▶ [Recorded data]

*** Block opens ***

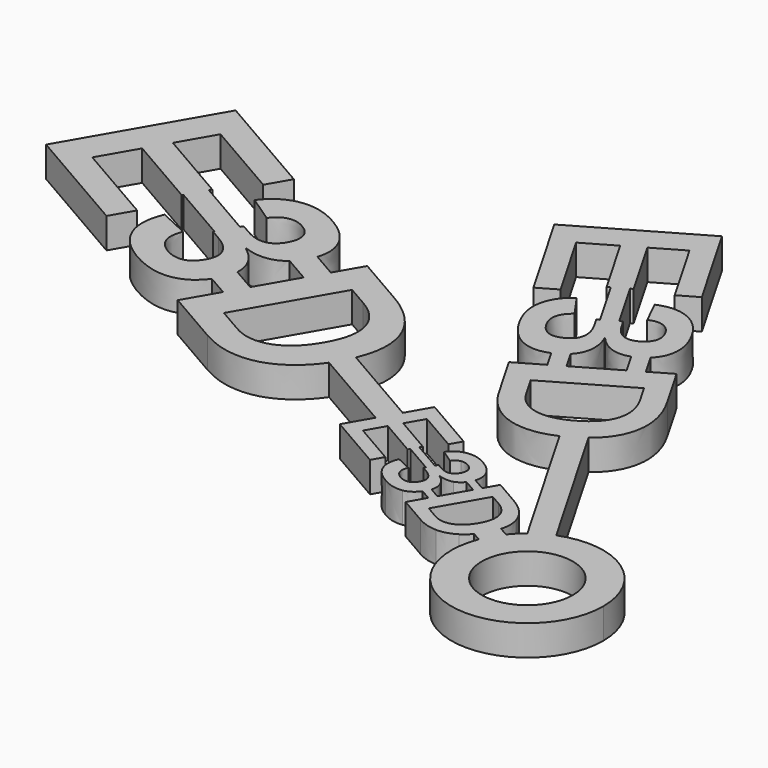
from build123d import *

# Parameters (mm, degrees)
F0_TEXT_SIZE   = 15.2079207921
F0_R           = 3
F0_TEXT_SIZE_2 = 12.6732673267
F1_DEPTH       = 2


# Not quite as in the source:
# - Text() gives the source's letters only with a copy of the font that has no kerning and outlines rounded to 1/6400 em; it was checked with that copy


with BuildPart() as f1:
    # F0 (on Top) → F1 (new body)
    with BuildSketch(Plane.XY):
        with BuildLine():
            Line((-29.1540964549, 20.2671880477), (-30.7902893261, 21.2118444423))
            add(Edge.make_bspline(
                [(-30.7902893261, 21.2118444423), (-30.8857444527, 20.9320441506), (-31.0483473531, 20.6504076656)],
                knots=[0.7511682888, 0.7511682888, 0.7511682888, 1, 1, 1], degree=2))
            add(Edge.make_bspline(
                [(-31.0483473531, 20.6504076656), (-31.2909550672, 20.2301987785), (-31.6127128534, 19.9546200797)],
                knots=[0, 0, 0, 0.494418465, 0.494418465, 0.494418465], degree=2))
            Line((-31.6127128534, 19.9546200797), (-29.9040964549, 18.9681499421))
            Line((-29.9040964549, 18.9681499421), (-29.1540964549, 20.2671880477))
        make_face()
        with BuildLine():
            Line((-32.1289479401, 15.1145941305), (-31.3789479401, 16.4136322362))
            Line((-31.3789479401, 16.4136322362), (-32.9437034814, 17.3170442691))
            add(Edge.make_bspline(
                [(-32.9437034814, 17.3170442691), (-32.975793504, 16.7796957758), (-33.2832110872, 16.2472329024)],
                knots=[0.3911926292, 0.3911926292, 0.3911926292, 1, 1, 1], degree=2))
            add(Edge.make_bspline(
                [(-33.2832110872, 16.2472329024), (-33.3875153345, 16.0665726466), (-33.5018976995, 15.9072670437)],
                knots=[0, 0, 0, 0.1418245689, 0.1418245689, 0.1418245689], degree=2))
            Line((-33.5018976995, 15.9072670437), (-32.1289479401, 15.1145941305))
        make_face()
        with BuildLine():
            Line((-16.5114084248, 10.3843720007), (-22.2409058517, 13.6922988825))
            add(Edge.make_bspline(
                [(-22.2409058517, 13.6922988825), (-22.4111389258, 13.292867735), (-22.647503085, 12.8834730021)],
                knots=[0.8099906075, 0.8099906075, 0.8099906075, 1, 1, 1], degree=2))
            add(Edge.make_bspline(
                [(-22.647503085, 12.8834730021), (-22.8002351075, 12.6189333792), (-22.965200333, 12.3784196886)],
                knots=[0, 0, 0, 0.1887657156, 0.1887657156, 0.1887657156], degree=2))
            Line((-22.965200333, 12.3784196886), (-17.2614084248, 9.0853338951))
            Line((-17.2614084248, 9.0853338951), (-16.5114084248, 10.3843720007))
        make_face()
        Polygon((-15.633190603, 11.9054898882), (-16.5114084248, 10.3843720007), (-16.1779665272, 10.1918592314), (-16.9279665272, 8.8928211257), (-17.2614084248, 9.0853338951), (-18.2488341674, 7.3750623402), (-14.5539067714, 5.2417950135), (-14.1303424149, 5.9754299991), (-16.8765861409, 7.5609745536), (-16.1880712894, 8.7535172581), (-13.770059766, 7.3574776541), (-13.6947132313, 7.4879816803), (-13.4447132313, 7.9209943822), (-13.347089469, 8.0900836987), (-15.7651009924, 9.4861233026), (-15.10747723, 10.6251610713), (-12.4929379615, 9.1156561209), (-12.0699676645, 9.8482621654), align=None)
        Polygon((-16.1779665272, 10.1918592314), (-16.5114084248, 10.3843720007), (-17.2614084248, 9.0853338951), (-16.9279665272, 8.8928211257), align=None)
        Polygon((-11.544259068, 6.8237666595), (-13.4447132313, 7.9209943822), (-13.6947132313, 7.4879816803), (-11.794259068, 6.3907539576), align=None)
        Polygon((-36.6829324931, 20.1013169534), (-35.9788991928, 21.3207383997), (-39.7798075194, 23.5151938452), (-40.4838408197, 22.2957723989), align=None)
        with BuildLine():
            Line((-11.4424768898, 7.0000585634), (-11.544259068, 6.8237666595))
            Line((-11.544259068, 6.8237666595), (-11.794259068, 6.3907539576))
            Line((-11.794259068, 6.3907539576), (-11.864259068, 6.269510401))
            Line((-11.864259068, 6.269510401), (-11.5494030994, 6.0877282228))
            add(Edge.make_bspline(
                [(-10.9923000787, 5.5520649004), (-11.1182767895, 5.8388173317), (-11.5494030994, 6.0877282228)],
                knots=[0, 0, 0, 1, 1, 1], degree=2))
            add(Edge.make_bspline(
                [(-11.0409768331, 4.9628037935), (-10.8663233678, 5.2653124692), (-10.9923000787, 5.5520649004)],
                knots=[0, 0, 0, 1, 1, 1], degree=2))
            add(Edge.make_bspline(
                [(-11.5050019171, 4.5749303562), (-11.2322639619, 4.6314847677), (-11.0409768331, 4.9628037935)],
                knots=[0, 0, 0, 1, 1, 1], degree=2))
            add(Edge.make_bspline(
                [(-12.1018563106, 4.7055046576), (-11.7777398723, 4.5183759448), (-11.5050019171, 4.5749303562)],
                knots=[0, 0, 0, 1, 1, 1], degree=2))
            add(Edge.make_bspline(
                [(-12.4681181025, 5.7867641895), (-12.7583207157, 5.0845145586), (-12.1018563106, 4.7055046576)],
                knots=[0, 0, 0, 1, 1, 1], degree=2))
            Line((-12.4681181025, 5.7867641895), (-13.4343280561, 6.2375958947))
            add(Edge.make_bspline(
                [(-13.4895334495, 4.976432794), (-13.7261848929, 5.560995916), (-13.4343280561, 6.2375958947)],
                knots=[0, 0, 0, 1, 1, 1], degree=2))
            add(Edge.make_bspline(
                [(-12.5223338438, 3.9700874938), (-13.2528820062, 4.391869672), (-13.4895334495, 4.976432794)],
                knots=[0, 0, 0, 1, 1, 1], degree=2))
            add(Edge.make_bspline(
                [(-11.132382913, 3.6306224329), (-11.7506280384, 3.5245429393), (-12.5223338438, 3.9700874938)],
                knots=[0, 0, 0, 1, 1, 1], degree=2))
            add(Edge.make_bspline(
                [(-10.2557583214, 4.2036335218), (-10.6018201359, 3.7216572481), (-11.132382913, 3.6306224329)],
                knots=[0.1418245689, 0.1418245689, 0.1418245689, 1, 1, 1], degree=2))
            add(Edge.make_bspline(
                [(-10.1464150152, 4.3736164512), (-10.1985671389, 4.2832863233), (-10.2557583214, 4.2036335218)],
                knots=[0, 0, 0, 0.1418245689, 0.1418245689, 0.1418245689], degree=2))
            add(Edge.make_bspline(
                [(-10.0248577478, 4.6476732827), (-10.0674875561, 4.5103228205), (-10.1464150152, 4.3736164512)],
                knots=[0.687385358, 0.687385358, 0.687385358, 1, 1, 1], degree=2))
            add(Edge.make_bspline(
                [(-10.0128799039, 5.2548070388), (-9.9311221958, 4.9496831183), (-10.0248577478, 4.6476732827)],
                knots=[0, 0, 0, 0.687385358, 0.687385358, 0.687385358], degree=2))
            add(Edge.make_bspline(
                [(-10.6174147184, 6.0599992528), (-10.13182004, 5.69869767), (-10.0128799039, 5.2548070388)],
                knots=[0, 0, 0, 1, 1, 1], degree=2))
            Line((-10.6174147184, 6.0599992528), (-10.6096919461, 6.0733754867))
            add(Edge.make_bspline(
                [(-9.6815706655, 6.0211267202), (-10.0888116482, 5.892002271), (-10.6096919461, 6.0733754867)],
                knots=[0, 0, 0, 1, 1, 1], degree=2))
            add(Edge.make_bspline(
                [(-9.1354956255, 6.4145618951), (-9.3571681192, 6.1239854743), (-9.6815706655, 6.0211267202)],
                knots=[0.2034138014, 0.2034138014, 0.2034138014, 1, 1, 1], degree=2))
            add(Edge.make_bspline(
                [(-9.0289831482, 6.5752038328), (-9.0788900194, 6.4887625961), (-9.1354956255, 6.4145618951)],
                knots=[0, 0, 0, 0.2034138014, 0.2034138014, 0.2034138014], degree=2))
            add(Edge.make_bspline(
                [(-8.8999541346, 6.8559222212), (-8.947681698, 6.7160220753), (-9.0289831482, 6.5752038328)],
                knots=[0.7511682888, 0.7511682888, 0.7511682888, 1, 1, 1], degree=2))
            add(Edge.make_bspline(
                [(-8.9177560774, 7.6922112063), (-8.7558751027, 7.2782500371), (-8.8999541346, 6.8559222212)],
                knots=[0, 0, 0, 0.7511682888, 0.7511682888, 0.7511682888], degree=2))
            add(Edge.make_bspline(
                [(-9.8442599618, 8.6537960386), (-9.1332616798, 8.2433009891), (-8.9177560774, 7.6922112063)],
                knots=[0, 0, 0, 1, 1, 1], degree=2))
            add(Edge.make_bspline(
                [(-11.1190220413, 8.9480215673), (-10.5130716598, 9.0399346525), (-9.8442599618, 8.6537960386)],
                knots=[0, 0, 0, 1, 1, 1], degree=2))
            add(Edge.make_bspline(
                [(-12.1339891588, 8.3116311102), (-11.7249724227, 8.8561084822), (-11.1190220413, 8.9480215673)],
                knots=[0, 0, 0, 1, 1, 1], degree=2))
            Line((-12.1339891588, 8.3116311102), (-11.2674105792, 7.7262526052))
            add(Edge.make_bspline(
                [(-10.8173786455, 8.0494931556), (-11.0783207157, 7.9943599153), (-11.2674105792, 7.7262526052)],
                knots=[0, 0, 0, 1, 1, 1], degree=2))
            add(Edge.make_bspline(
                [(-10.2765646032, 7.9430422375), (-10.5564365752, 8.1046263959), (-10.8173786455, 8.0494931556)],
                knots=[0, 0, 0, 1, 1, 1], degree=2))
            add(Edge.make_bspline(
                [(-9.9133373859, 7.5206850839), (-9.9771427507, 7.7701709503), (-10.2765646032, 7.9430422375)],
                knots=[0, 0, 0, 1, 1, 1], degree=2))
            add(Edge.make_bspline(
                [(-10.0105221202, 6.9923561865), (-9.8495320212, 7.2711992175), (-9.9133373859, 7.5206850839)],
                knots=[0, 0, 0, 1, 1, 1], degree=2))
            add(Edge.make_bspline(
                [(-10.4694066819, 6.6502180781), (-10.1816112291, 6.6960211572), (-10.0105221202, 6.9923561865)],
                knots=[0, 0, 0, 1, 1, 1], degree=2))
            add(Edge.make_bspline(
                [(-11.1461418605, 6.8289694545), (-10.7572021346, 6.6044149991), (-10.4694066819, 6.6502180781)],
                knots=[0, 0, 0, 1, 1, 1], degree=2))
            Line((-11.1461418605, 6.8289694545), (-11.4424768898, 7.0000585634))
        make_face()
        with Locations(Location((-50.3688229507, 22.7586395319), (0, 0, -30))):
            Text('E3D', F0_TEXT_SIZE, font='Arimo', font_style=FontStyle.BOLD, text_align=(TextAlign.LEFT, TextAlign.BOTTOM))
        with BuildLine():
            add(Edge.make_bspline(
                [(-10.1464150152, 4.3736164512), (-10.1985671389, 4.2832863233), (-10.2557583214, 4.2036335218)],
                knots=[0, 0, 0, 0.1418245689, 0.1418245689, 0.1418245689], degree=2))
            Line((-10.2557583214, 4.2036335218), (-9.5692834417, 3.8072970652))
            Line((-9.5692834417, 3.8072970652), (-9.3192834417, 4.2403097671))
            Line((-9.3192834417, 4.2403097671), (-10.0248577478, 4.6476732827))
            add(Edge.make_bspline(
                [(-10.0248577478, 4.6476732827), (-10.0674875561, 4.5103228205), (-10.1464150152, 4.3736164512)],
                knots=[0.687385358, 0.687385358, 0.687385358, 1, 1, 1], degree=2))
        make_face()
        with BuildLine():
            Line((-8.0818576991, 6.3835940239), (-8.8999541346, 6.8559222212))
            add(Edge.make_bspline(
                [(-8.8999541346, 6.8559222212), (-8.947681698, 6.7160220753), (-9.0289831482, 6.5752038328)],
                knots=[0.7511682888, 0.7511682888, 0.7511682888, 1, 1, 1], degree=2))
            add(Edge.make_bspline(
                [(-9.0289831482, 6.5752038328), (-9.0788900194, 6.4887625961), (-9.1354956255, 6.4145618951)],
                knots=[0, 0, 0, 0.2034138014, 0.2034138014, 0.2034138014], degree=2))
            Line((-9.1354956255, 6.4145618951), (-8.3318576991, 5.950581322))
            Line((-8.3318576991, 5.950581322), (-8.0818576991, 6.3835940239))
        make_face()
        with BuildLine():
            Line((-9.3192834417, 4.2403097671), (-9.5692834417, 3.8072970652))
            Line((-9.5692834417, 3.8072970652), (-10.1942834417, 2.7247653105))
            Line((-10.1942834417, 2.7247653105), (-8.3617393892, 1.6667455085))
            add(Edge.make_bspline(
                [(-7.0484944653, 1.2775900633), (-7.7114486306, 1.291299964), (-8.3617393892, 1.6667455085)],
                knots=[0, 0, 0, 1, 1, 1], degree=2))
            add(Edge.make_bspline(
                [(-5.8093278848, 1.6274538962), (-6.3855403, 1.2638801627), (-7.0484944653, 1.2775900633)],
                knots=[0, 0, 0, 1, 1, 1], degree=2))
            add(Edge.make_bspline(
                [(-5.2142805236, 2.1444408601), (-5.4845342999, 1.8323894602), (-5.8093278848, 1.6274538962)],
                knots=[0.4363301167, 0.4363301167, 0.4363301167, 1, 1, 1], degree=2))
            add(Edge.make_bspline(
                [(-4.8285610141, 2.6917365011), (-5.0050803069, 2.3859961175), (-5.2142805236, 2.1444408601)],
                knots=[0, 0, 0, 0.4363301167, 0.4363301167, 0.4363301167], degree=2))
            add(Edge.make_bspline(
                [(-4.4959723962, 3.461776277), (-4.6009346477, 3.0859969328), (-4.8285610141, 2.6917365011)],
                knots=[0.6340295606, 0.6340295606, 0.6340295606, 1, 1, 1], degree=2))
            add(Edge.make_bspline(
                [(-4.5004530738, 4.7083529557), (-4.3141293754, 4.1127993837), (-4.4959723962, 3.461776277)],
                knots=[0, 0, 0, 0.6340295606, 0.6340295606, 0.6340295606], degree=2))
            add(Edge.make_bspline(
                [(-5.9385078057, 6.3082621654), (-4.7943253316, 5.647668106), (-4.5004530738, 4.7083529557)],
                knots=[0, 0, 0, 1, 1, 1], degree=2))
            Line((-5.9385078057, 6.3082621654), (-7.5786398773, 7.2551928585))
            Line((-7.5786398773, 7.2551928585), (-8.0818576991, 6.3835940239))
            Line((-8.0818576991, 6.3835940239), (-8.3318576991, 5.950581322))
            Line((-8.3318576991, 5.950581322), (-9.3192834417, 4.2403097671))
        make_face()
        with BuildLine():
            add(Edge.make_bspline(
                [(-5.7834183306, 3.2430236298), (-5.3616361524, 3.9735717922), (-5.51891975, 4.5767921743)],
                knots=[0, 0, 0, 1, 1, 1], degree=2))
            add(Edge.make_bspline(
                [(-6.8041417658, 2.3067619478), (-6.201042093, 2.5196780549), (-5.7834183306, 3.2430236298)],
                knots=[0, 0, 0, 1, 1, 1], degree=2))
            add(Edge.make_bspline(
                [(-8.0184324365, 2.4467171278), (-7.4072414387, 2.0938458407), (-6.8041417658, 2.3067619478)],
                knots=[0, 0, 0, 1, 1, 1], degree=2))
            Line((-8.0184324365, 2.4467171278), (-8.8220354152, 2.9106775239))
            Line((-8.8220354152, 2.9106775239), (-7.0529265043, 5.9748640416))
            Line((-7.0529265043, 5.9748640416), (-6.3810279831, 5.5869432496))
            add(Edge.make_bspline(
                [(-5.51891975, 4.5767921743), (-5.6762033475, 5.1800125565), (-6.3810279831, 5.5869432496)],
                knots=[0, 0, 0, 1, 1, 1], degree=2))
        make_face(mode=Mode.SUBTRACT)
        with BuildLine():
            Line((-3.9061359474, 3.1212340445), (-4.4959723962, 3.461776277))
            add(Edge.make_bspline(
                [(-4.4959723962, 3.461776277), (-4.6009346477, 3.0859969328), (-4.8285610141, 2.6917365011)],
                knots=[0.6340295606, 0.6340295606, 0.6340295606, 1, 1, 1], degree=2))
            add(Edge.make_bspline(
                [(-4.8285610141, 2.6917365011), (-5.0050803069, 2.3859961175), (-5.2142805236, 2.1444408601)],
                knots=[0, 0, 0, 0.4363301167, 0.4363301167, 0.4363301167], degree=2))
            Line((-5.2142805236, 2.1444408601), (-4.6561359474, 1.8221959388))
            ThreePointArc((-4.6561359474, 1.8221959388), (-4.3301270189, 2.5), (-3.9061359474, 3.1212340445))
        make_face()
        with BuildLine():
            ThreePointArc((-3.1212340445, 3.9061359474), (-3.5355339059, 3.5355339059), (-3.9061359474, 3.1212340445))
            ThreePointArc((-3.9061359474, 3.1212340445), (-4.3301270189, 2.5), (-4.6561359474, 1.8221959388))
            ThreePointArc((-4.6561359474, 1.8221959388), (-0.9271785866, -4.9132819854), (5, 0))
            ThreePointArc((5, 0), (2.8186007438, 4.1298292758), (-1.8221959388, 4.6561359474))
            ThreePointArc((-1.8221959388, 4.6561359474), (-2.5, 4.3301270189), (-3.1212340445, 3.9061359474))
        make_face()
        Circle(F0_R, mode=Mode.SUBTRACT)
        with BuildLine():
            Line((-8.6035539258, 13.4017925251), (-3.1212340445, 3.9061359474))
            ThreePointArc((-3.1212340445, 3.9061359474), (-2.5, 4.3301270189), (-1.8221959388, 4.6561359474))
            Line((-1.8221959388, 4.6561359474), (-7.3209553936, 14.1802667017))
            add(Edge.make_bspline(
                [(-7.3209553936, 14.1802667017), (-7.6535484776, 13.9169516614), (-8.0596470857, 13.6824905207)],
                knots=[0.7738244966, 0.7738244966, 0.7738244966, 1, 1, 1], degree=2))
            add(Edge.make_bspline(
                [(-8.0596470857, 13.6824905207), (-8.332506108, 13.5249552907), (-8.6035539258, 13.4017925251)],
                knots=[0, 0, 0, 0.2336425585, 0.2336425585, 0.2336425585], degree=2))
        make_face()
        with BuildLine():
            Line((-10.4726850622, 21.2639750947), (-9.6066596584, 21.7639750947))
            Line((-9.6066596584, 21.7639750947), (-10.4029070224, 23.1431159845))
            add(Edge.make_bspline(
                [(-10.4029070224, 23.1431159845), (-10.6106232969, 22.9472554575), (-10.8862114337, 22.7881445725)],
                knots=[0.7078145567, 0.7078145567, 0.7078145567, 1, 1, 1], degree=2))
            add(Edge.make_bspline(
                [(-10.8862114337, 22.7881445725), (-11.0696119627, 22.6822582277), (-11.2521509188, 22.614049561)],
                knots=[0, 0, 0, 0.2589472354, 0.2589472354, 0.2589472354], degree=2))
            Line((-11.2521509188, 22.614049561), (-10.4726850622, 21.2639750947))
        make_face()
        with BuildLine():
            Line((-14.7101069932, 20.3539002217), (-14.0448254901, 19.201598857))
            Line((-14.0448254901, 19.201598857), (-13.1788000863, 19.701598857))
            Line((-13.1788000863, 19.701598857), (-13.8681408045, 20.8955720047))
            add(Edge.make_bspline(
                [(-13.8681408045, 20.8955720047), (-14.0648234194, 20.6968800863), (-14.3337415582, 20.5416201265)],
                knots=[0.631029272, 0.631029272, 0.631029272, 1, 1, 1], degree=2))
            add(Edge.make_bspline(
                [(-14.3337415582, 20.5416201265), (-14.5232107729, 20.4322300244), (-14.7101069932, 20.3539002217)],
                knots=[0, 0, 0, 0.1784878888, 0.1784878888, 0.1784878888], degree=2))
        make_face()
        Polygon((-16.8888320396, 27.9770676484), (-15.0601191684, 24.8096440429), (-14.1940937646, 25.3096440429), (-16.0228066359, 28.4770676484), align=None)
        with Locations(Location((-23.9511337234, 32.3598280326), (0, 0, -60))):
            Text('E3D', F0_TEXT_SIZE_2, font='Arimo', font_style=FontStyle.BOLD, text_align=(TextAlign.LEFT, TextAlign.BOTTOM))
    extrude(amount=F1_DEPTH)


solid = f1.part

*** Block closes ***

▶ [What you are asked to do] What lines in the data above carry "TextAlign"? Return them all.

▶ [Exercise result]
            Text('E3D', F0_TEXT_SIZE, font='Arimo', font_style=FontStyle.BOLD, text_align=(TextAlign.LEFT, TextAlign.BOTTOM))
            Text('E3D', F0_TEXT_SIZE_2, font='Arimo', font_style=FontStyle.BOLD, text_align=(TextAlign.LEFT, TextAlign.BOTTOM))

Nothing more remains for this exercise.